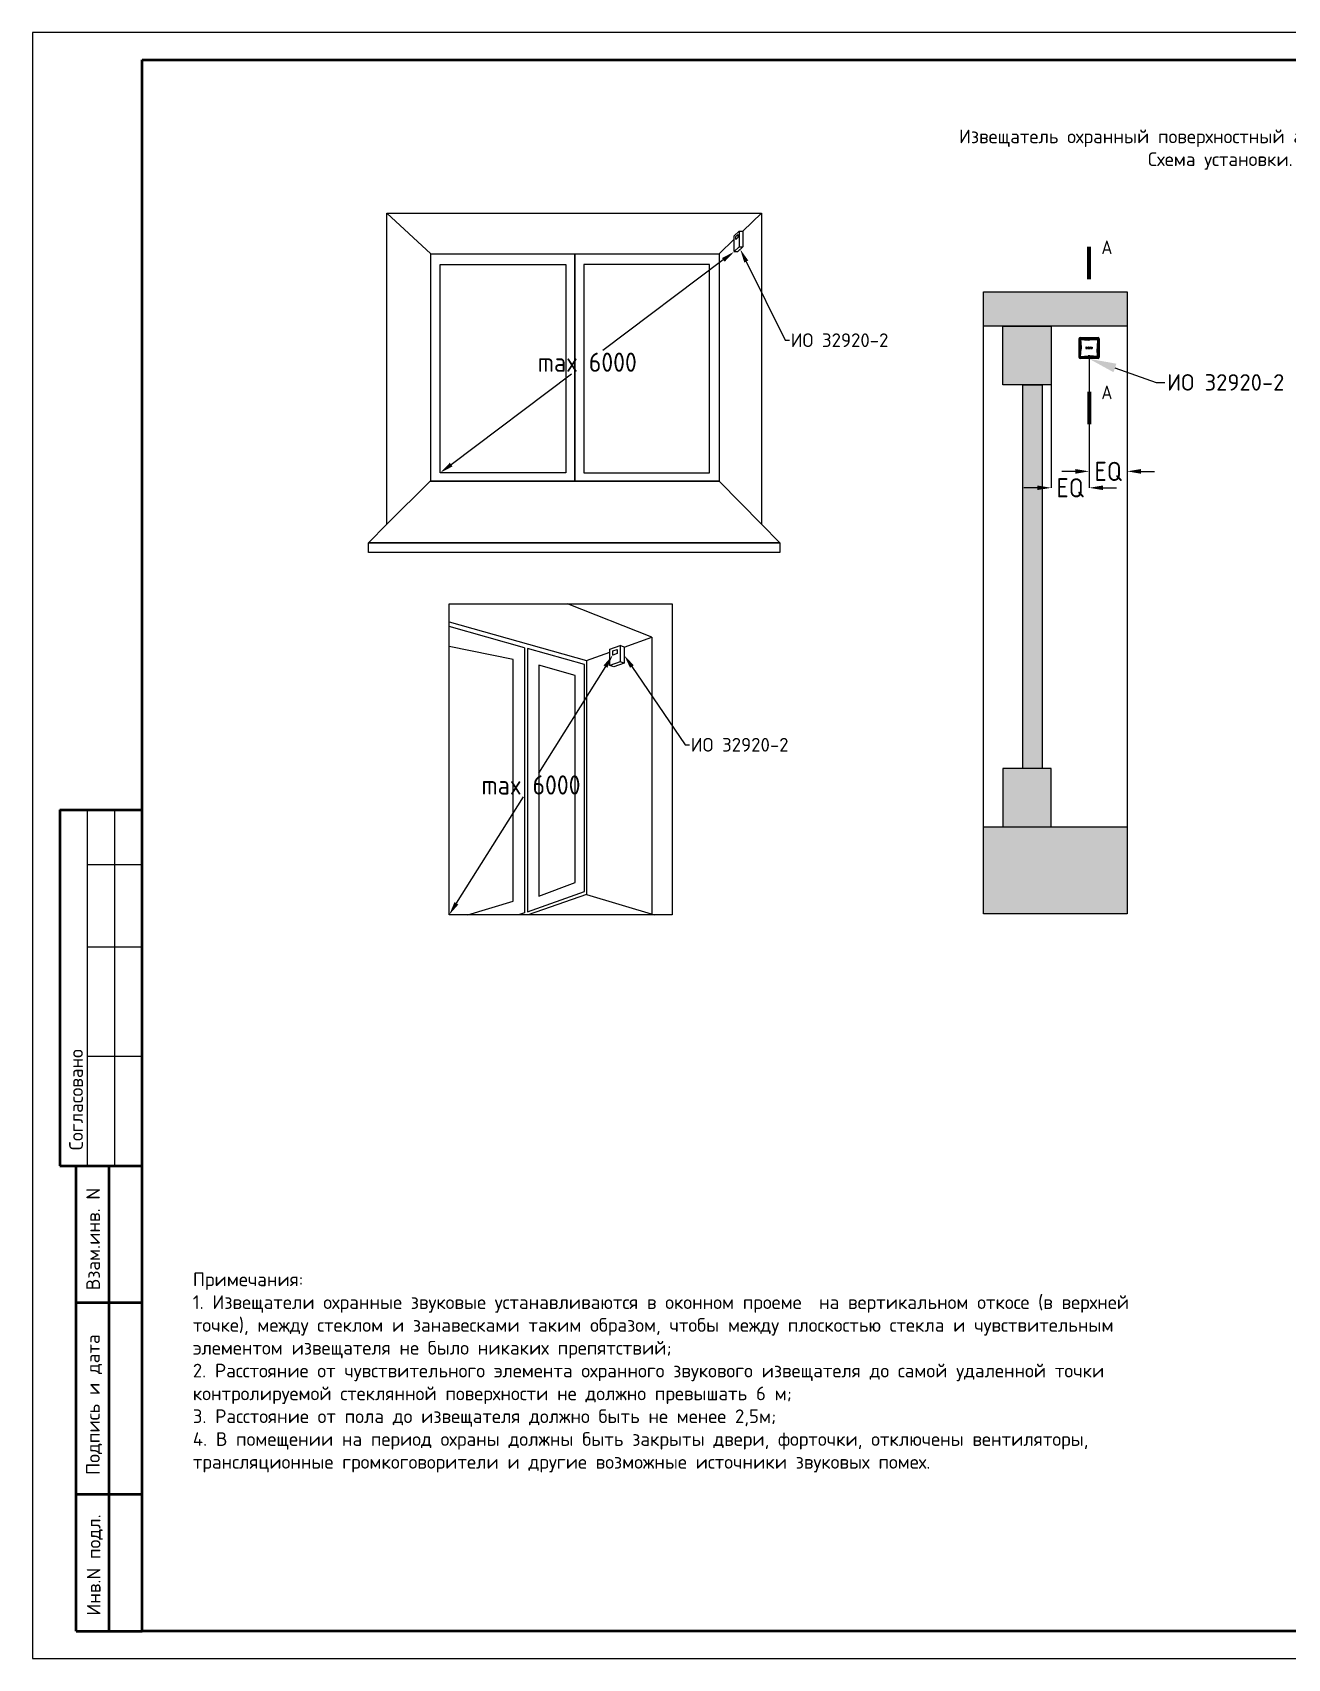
# Model space of a CAD drawing. Header units: millimetres. Extents: x -259793 to 1187961, y -549744 to 43070.
# Drawn here: x 824115 to 847036, y -32952 to -3252 of the extents above; entities that cross this region are included whole.
import ezdxf
from ezdxf import colors
from ezdxf.entities.mleader import LeaderData, LeaderLine
from ezdxf.enums import TextEntityAlignment as Align
from ezdxf.math import Vec2, Vec3

# ---------------------------------------------------------------- set-up
doc = ezdxf.new("R2010")
doc.units = ezdxf.units.MM
doc.layers.add('OBJ', color=4, linetype='Continuous')
doc.layers.add('Штампы', color=7, linetype='Continuous')
doc.styles.add('ISOCPEUR', font='isocpeur.ttf', dxfattribs={"width": 0.9, "height": 350})
doc.styles.get("Standard").update_dxf_attribs({"font": ''})
doc.styles.add('XREF1$0$Standard', font='isocpeur.ttf')
doc.styles.get('Standard').set_extended_font_data('GOST type B')
doc.dimstyles.get("Standard").update_dxf_attribs({"dimtxt": 0.18, "dimasz": 0.18, "dimexe": 0.18, "dimexo": 0.0625, "dimgap": 0.09, "dimtad": 0, "dimtih": 1, "dimtoh": 1, "dimdec": 4, "dimzin": 0, "dimdsep": 46, "dimtxsty": 'Standard', "dimcen": 0.09, "dimadec": 0, "dimazin": 0, "dimtfac": 1, "dimtdec": 4, "dimtofl": 0, "dimtmove": 0, "dimatfit": 3, "dimfxl": 1, "dimtolj": 1, "dimtzin": 0, "dimarcsym": 0})

# ---------------------------------------------------------------- blocks, each defined once
blk = doc.blocks.new('A$C6E475235')
at = {"layer": 'OBJ', "color": 0}
for p, q in [((-26.9, 9.7), (-26.9, -46)), ((-26.5, 9.7), (-26.5, -46)), ((-24.4, 9.7), (-24.4, -46)), ((-22.9, 13.7), (31.1, 13.7)), ((-22.9, 13.3), (31.1, 13.3)), ((-22.9, 11.2), (31.1, 11.2)), ((-22, -43.6), (-22, 7.4)), ((-21.9, 7.4), (-20.2, -15.6)), ((-21.4, 8), (29.6, 8)), ((-21.4, 7.9), (1.6, 6.2)), ((6.6, 6.2), (1.6, 6.2)), ((29.5, 7.9), (6.6, 6.2)), ((30, 7.4), (28.3, -15.5)), ((30.1, -43.5), (30.1, 7.5)), ((32.6, 9.7), (32.6, -46)), ((34.7, 9.7), (34.7, -46)), ((35.1, 9.7), (35.1, -46)), ((31.1, -47.5), (-22.9, -47.5)), ((-21.9, -21.1), (-21.9, -14.1)), ((-21.9, -43.5), (-20.2, -20.6)), ((-21.4, -44), (1.6, -42.3)), ((-21.4, -44.1), (29.6, -44.1)), ((-20.2, -15.6), (-20.2, -20.6)), ((-5.5, -15.5), (-5.5, -19.5)), ((-5, -15), (-1, -15)), ((-5, -20), (-1, -20)), ((-0.5, -15.5), (-0.5, -19.5)), ((1.5, -15.5), (1.5, -19.5)), ((6.6, -42.3), (1.6, -42.3)), ((2, -15), (6, -15)), ((2, -20), (6, -20)), ((6.5, -15.5), (6.5, -19.5)), ((29.5, -44), (6.6, -42.3)), ((8.5, -15.5), (8.5, -19.5)), ((9, -15), (13, -15)), ((9, -20), (13, -20)), ((13.5, -15.5), (13.5, -19.5)), ((28.3, -15.5), (28.3, -20.5)), ((30, -43.5), (28.3, -20.5)), ((31.1, -49.6), (-22.9, -49.6)), ((31.1, -50), (-22.9, -50))]:
    blk.add_line(p, q, dxfattribs=at)
for centre in [(-3, -17.5), (4, -17.5), (11, -17.5)]:
    blk.add_circle(centre, 1.75, dxfattribs=at)
for centre, radius, start, end in [((-22.9, 9.7), 4, 90, 180), ((-22.9, 9.7), 3.6, 90, 180), ((-22.9, 9.7), 1.5, 90, 180), ((-21.5, 7.4), 0.5, 90, 180), ((-21.4, 7.5), 0.5, 90, 180), ((-21.4, 7.5), 0.5, 90, 180), ((-21.4, 7.4), 0.5, 83.6598, 180), ((-21.4, 7.4), 0.5, 90, 186.3402), ((-21.4, 7.4), 0.5, 90, 186.3402), ((-21.4, 7.4), 0.5, 90, 186.3402), ((-21.4, 7.4), 0.5, 90, 186.3402), ((29.5, 7.5), 0.5, 353.6598, 90), ((29.5, 7.5), 0.5, 353.6598, 90), ((29.5, 7.5), 0.5, 353.6598, 90), ((29.5, 7.5), 0.5, 353.6598, 90), ((29.6, 7.4), 0.5, 0, 96.3402), ((29.6, 7.4), 0.5, 0, 96.3402), ((29.6, 7.4), 0.5, 0, 96.3402), ((29.6, 7.4), 0.5, 0, 96.3402), ((29.6, 7.5), 0.5, 0, 90), ((29.6, 7.5), 0.5, 0, 90), ((31.1, 9.7), 4, 0, 90), ((31.1, 9.7), 3.6, 0, 90), ((31.1, 9.7), 1.5, 0, 90), ((-22.9, -46), 4, 180, 270), ((-22.9, -46), 3.6, 180, 270), ((-22.9, -46), 1.5, 180, 270), ((-21.5, -43.6), 0.5, 180, 270), ((-21.5, -43.6), 0.5, 180, 270), ((-21.4, -43.5), 0.5, 180, 276.3402), ((-21.4, -43.6), 0.5, 173.6598, 270), ((-21.4, -43.6), 0.5, 180, 270), ((-21.4, -43.6), 0.5, 180, 270), ((-5, -15.5), 0.5, 90, 180), ((-5, -19.5), 0.5, 180, 270), ((-1, -15.5), 0.5, 0, 90), ((-1, -19.5), 0.5, 270, 0), ((2, -15.5), 0.5, 90, 180), ((2, -19.5), 0.5, 180, 270), ((6, -15.5), 0.5, 0, 90), ((6, -19.5), 0.5, 270, 0), ((9, -15.5), 0.5, 90, 180), ((9, -19.5), 0.5, 180, 270), ((13, -15.5), 0.5, 0, 90), ((13, -19.5), 0.5, 270, 0), ((29.6, -43.5), 0.5, 263.6598, 0), ((29.6, -43.5), 0.5, 263.6598, 0), ((29.6, -43.5), 0.5, 263.6598, 0), ((29.6, -43.5), 0.5, 263.6598, 0), ((29.5, -43.5), 0.5, 270, 6.3402), ((29.6, -43.5), 0.5, 270, 0), ((29.6, -43.5), 0.5, 270, 0), ((29.6, -43.6), 0.5, 270, 0), ((31.1, -46), 4, 270, 0), ((31.1, -46), 1.5, 270, 0), ((31.1, -46), 3.6, 270, 0)]:
    blk.add_arc(centre, radius, start, end, dxfattribs=at)
blk = doc.blocks.new('*D1136')
at = {"color": 0, "lineweight": -2, "transparency": 16777216}
for p, q in [((842719, -9212), (842719, -11568)), ((843414, -9212), (843414, -11568)), ((842469, -11568), (842219, -11568)), ((843664, -11568), (843914, -11568))]:
    blk.add_line(p, q, dxfattribs=at)
at = {"color": 0, "transparency": 16777216}
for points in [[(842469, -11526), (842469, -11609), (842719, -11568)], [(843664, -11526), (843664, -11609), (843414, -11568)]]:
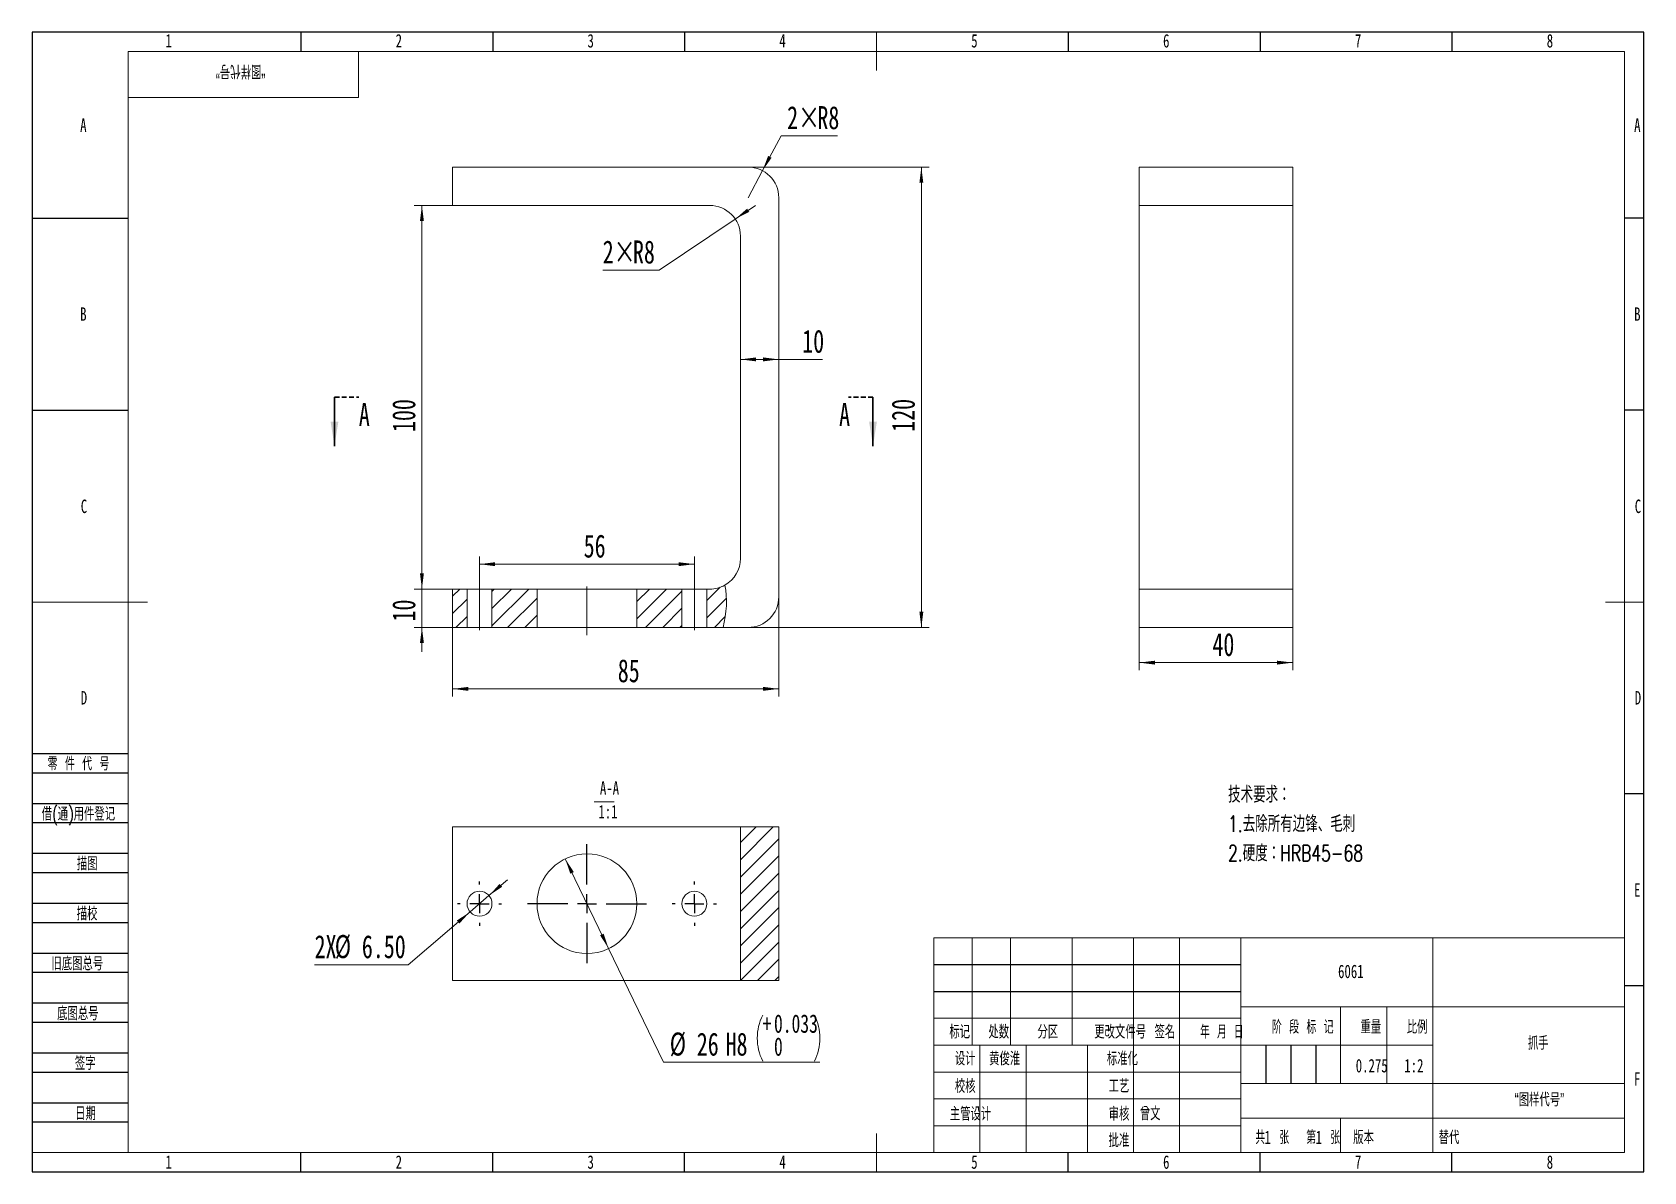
# Model space of a CAD drawing. Header units: millimetres. Extents: x 0 to 420, y 0 to 297.
import ezdxf

# ---------------------------------------------------------------- set-up
doc = ezdxf.new("R2010")
doc.units = ezdxf.units.MM
doc.linetypes.add('CENTERX2', pattern=[20.32, 12.7, -2.54, 2.54, -2.54])
doc.linetypes.add('HIDDEN', pattern=[1.905, 1.27, -0.635])
for name, color, linetype in [('10', 7, 'Continuous'), ('5', 7, 'Continuous'), ('9', 7, 'Continuous'), ('SLD-0', 7, 'Continuous')]:
    doc.layers.add(name, color=color, linetype=linetype)
doc.layers.add('标注层', color=4, linetype='Continuous', lineweight=15)
doc.layers.add('轮廓实线层', color=7, linetype='Continuous', lineweight=158)
doc.styles.add('SLDTEXTSTYLE0', font='TXT', dxfattribs={"width": 0.7, "bigfont": 'bigfont'})
doc.styles.add('SLDTEXTSTYLE1', font='TXT', dxfattribs={"width": 0.62, "bigfont": 'bigfont'})
doc.styles.add('SLDTEXTSTYLE2', font='TXT', dxfattribs={"width": 0.614286, "bigfont": 'bigfont'})
doc.styles.add('SLDTEXTSTYLE3', font='TXT', dxfattribs={"width": 0.6, "bigfont": 'bigfont'})
doc.styles.add('SLDTEXTSTYLE4', font='TXT', dxfattribs={"width": 0.7})
doc.dimstyles.new('SLDDIMSTYLE0', dxfattribs={"dimtxt": 6, "dimasz": 4.08, "dimexe": 0, "dimexo": 0.0625, "dimgap": 1.5, "dimtad": 2, "dimrnd": 1e-09, "dimzin": 12, "dimdsep": 46, "dimtxsty": 'SLDTEXTSTYLE4', "dimsah": 1, "dimcen": 0.09, "dimadec": 0, "dimazin": 3, "dimtfac": 1, "dimtofl": 0, "dimtmove": 0, "dimatfit": 3, "dimfxl": 1, "dimfrac": 2, "dimtolj": 1, "dimtzin": 12, "dimarcsym": 0})
doc.dimstyles.new('SLDDIMSTYLE1', dxfattribs={"dimtxt": 6, "dimasz": 4.08, "dimexe": 0, "dimexo": 0.0625, "dimgap": 1.5, "dimtad": 0, "dimtih": 1, "dimtoh": 1, "dimrnd": 1e-09, "dimzin": 12, "dimdsep": 46, "dimtxsty": 'SLDTEXTSTYLE4', "dimsah": 1, "dimcen": 0, "dimadec": 0, "dimazin": 3, "dimtfac": 1, "dimtofl": 0, "dimtmove": 1, "dimatfit": 3, "dimfxl": 1, "dimfrac": 2, "dimtolj": 1, "dimtzin": 12, "dimarcsym": 0})
doc.dimstyles.new('SLDDIMSTYLE2', dxfattribs={"dimtxt": 6, "dimasz": 4.08, "dimexe": 0, "dimexo": 0.0625, "dimgap": 1.5, "dimtad": 0, "dimtih": 1, "dimtoh": 1, "dimrnd": 1e-09, "dimzin": 12, "dimdsep": 46, "dimtxsty": 'SLDTEXTSTYLE4', "dimsah": 1, "dimcen": 0, "dimadec": 0, "dimazin": 3, "dimtfac": 1, "dimtofl": 0, "dimtmove": 0, "dimatfit": 3, "dimfxl": 1, "dimfrac": 2, "dimtolj": 1, "dimtzin": 12, "dimarcsym": 0})
doc.dimstyles.new('SLDDIMSTYLE3', dxfattribs={"dimtxt": 6, "dimasz": 4.08, "dimexe": 0, "dimexo": 0.0625, "dimgap": 1.5, "dimtad": 2, "dimrnd": 1e-09, "dimzin": 12, "dimdsep": 46, "dimtxsty": 'SLDTEXTSTYLE4', "dimsah": 1, "dimcen": 0.09, "dimadec": 0, "dimazin": 3, "dimtfac": 1, "dimtmove": 0, "dimatfit": 0, "dimfxl": 1, "dimfrac": 2, "dimtolj": 1, "dimtzin": 12, "dimarcsym": 0})
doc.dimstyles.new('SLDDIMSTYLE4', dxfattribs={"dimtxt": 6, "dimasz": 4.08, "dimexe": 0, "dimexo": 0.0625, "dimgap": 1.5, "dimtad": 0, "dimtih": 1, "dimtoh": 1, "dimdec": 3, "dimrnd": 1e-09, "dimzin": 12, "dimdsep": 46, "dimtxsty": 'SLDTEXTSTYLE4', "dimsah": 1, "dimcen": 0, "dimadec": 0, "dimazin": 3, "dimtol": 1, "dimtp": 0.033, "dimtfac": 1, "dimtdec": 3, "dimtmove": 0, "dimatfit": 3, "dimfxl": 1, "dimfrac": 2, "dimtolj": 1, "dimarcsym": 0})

········

# Task statement
Return the material line for line, from its beginning to the line that contains "doc.styles.get('Standard').set_extended_font_data('GOST type B')", with the pictures left out.

# Solution to the exercise
# Model space of a CAD drawing. Header units: millimetres. Extents: x -259793 to 1187961, y -549744 to 43070.
# Drawn here: x 824115 to 847036, y -32952 to -3252 of the extents above; entities that cross this region are included whole.
import ezdxf
from ezdxf import colors
from ezdxf.entities.mleader import LeaderData, LeaderLine
from ezdxf.enums import TextEntityAlignment as Align
from ezdxf.math import Vec2, Vec3

# ---------------------------------------------------------------- set-up
doc = ezdxf.new("R2010")
doc.units = ezdxf.units.MM
doc.layers.add('OBJ', color=4, linetype='Continuous')
doc.layers.add('Штампы', color=7, linetype='Continuous')
doc.styles.add('ISOCPEUR', font='isocpeur.ttf', dxfattribs={"width": 0.9, "height": 350})
doc.styles.get("Standard").update_dxf_attribs({"font": ''})
doc.styles.add('XREF1$0$Standard', font='isocpeur.ttf')
doc.styles.get('Standard').set_extended_font_data('GOST type B')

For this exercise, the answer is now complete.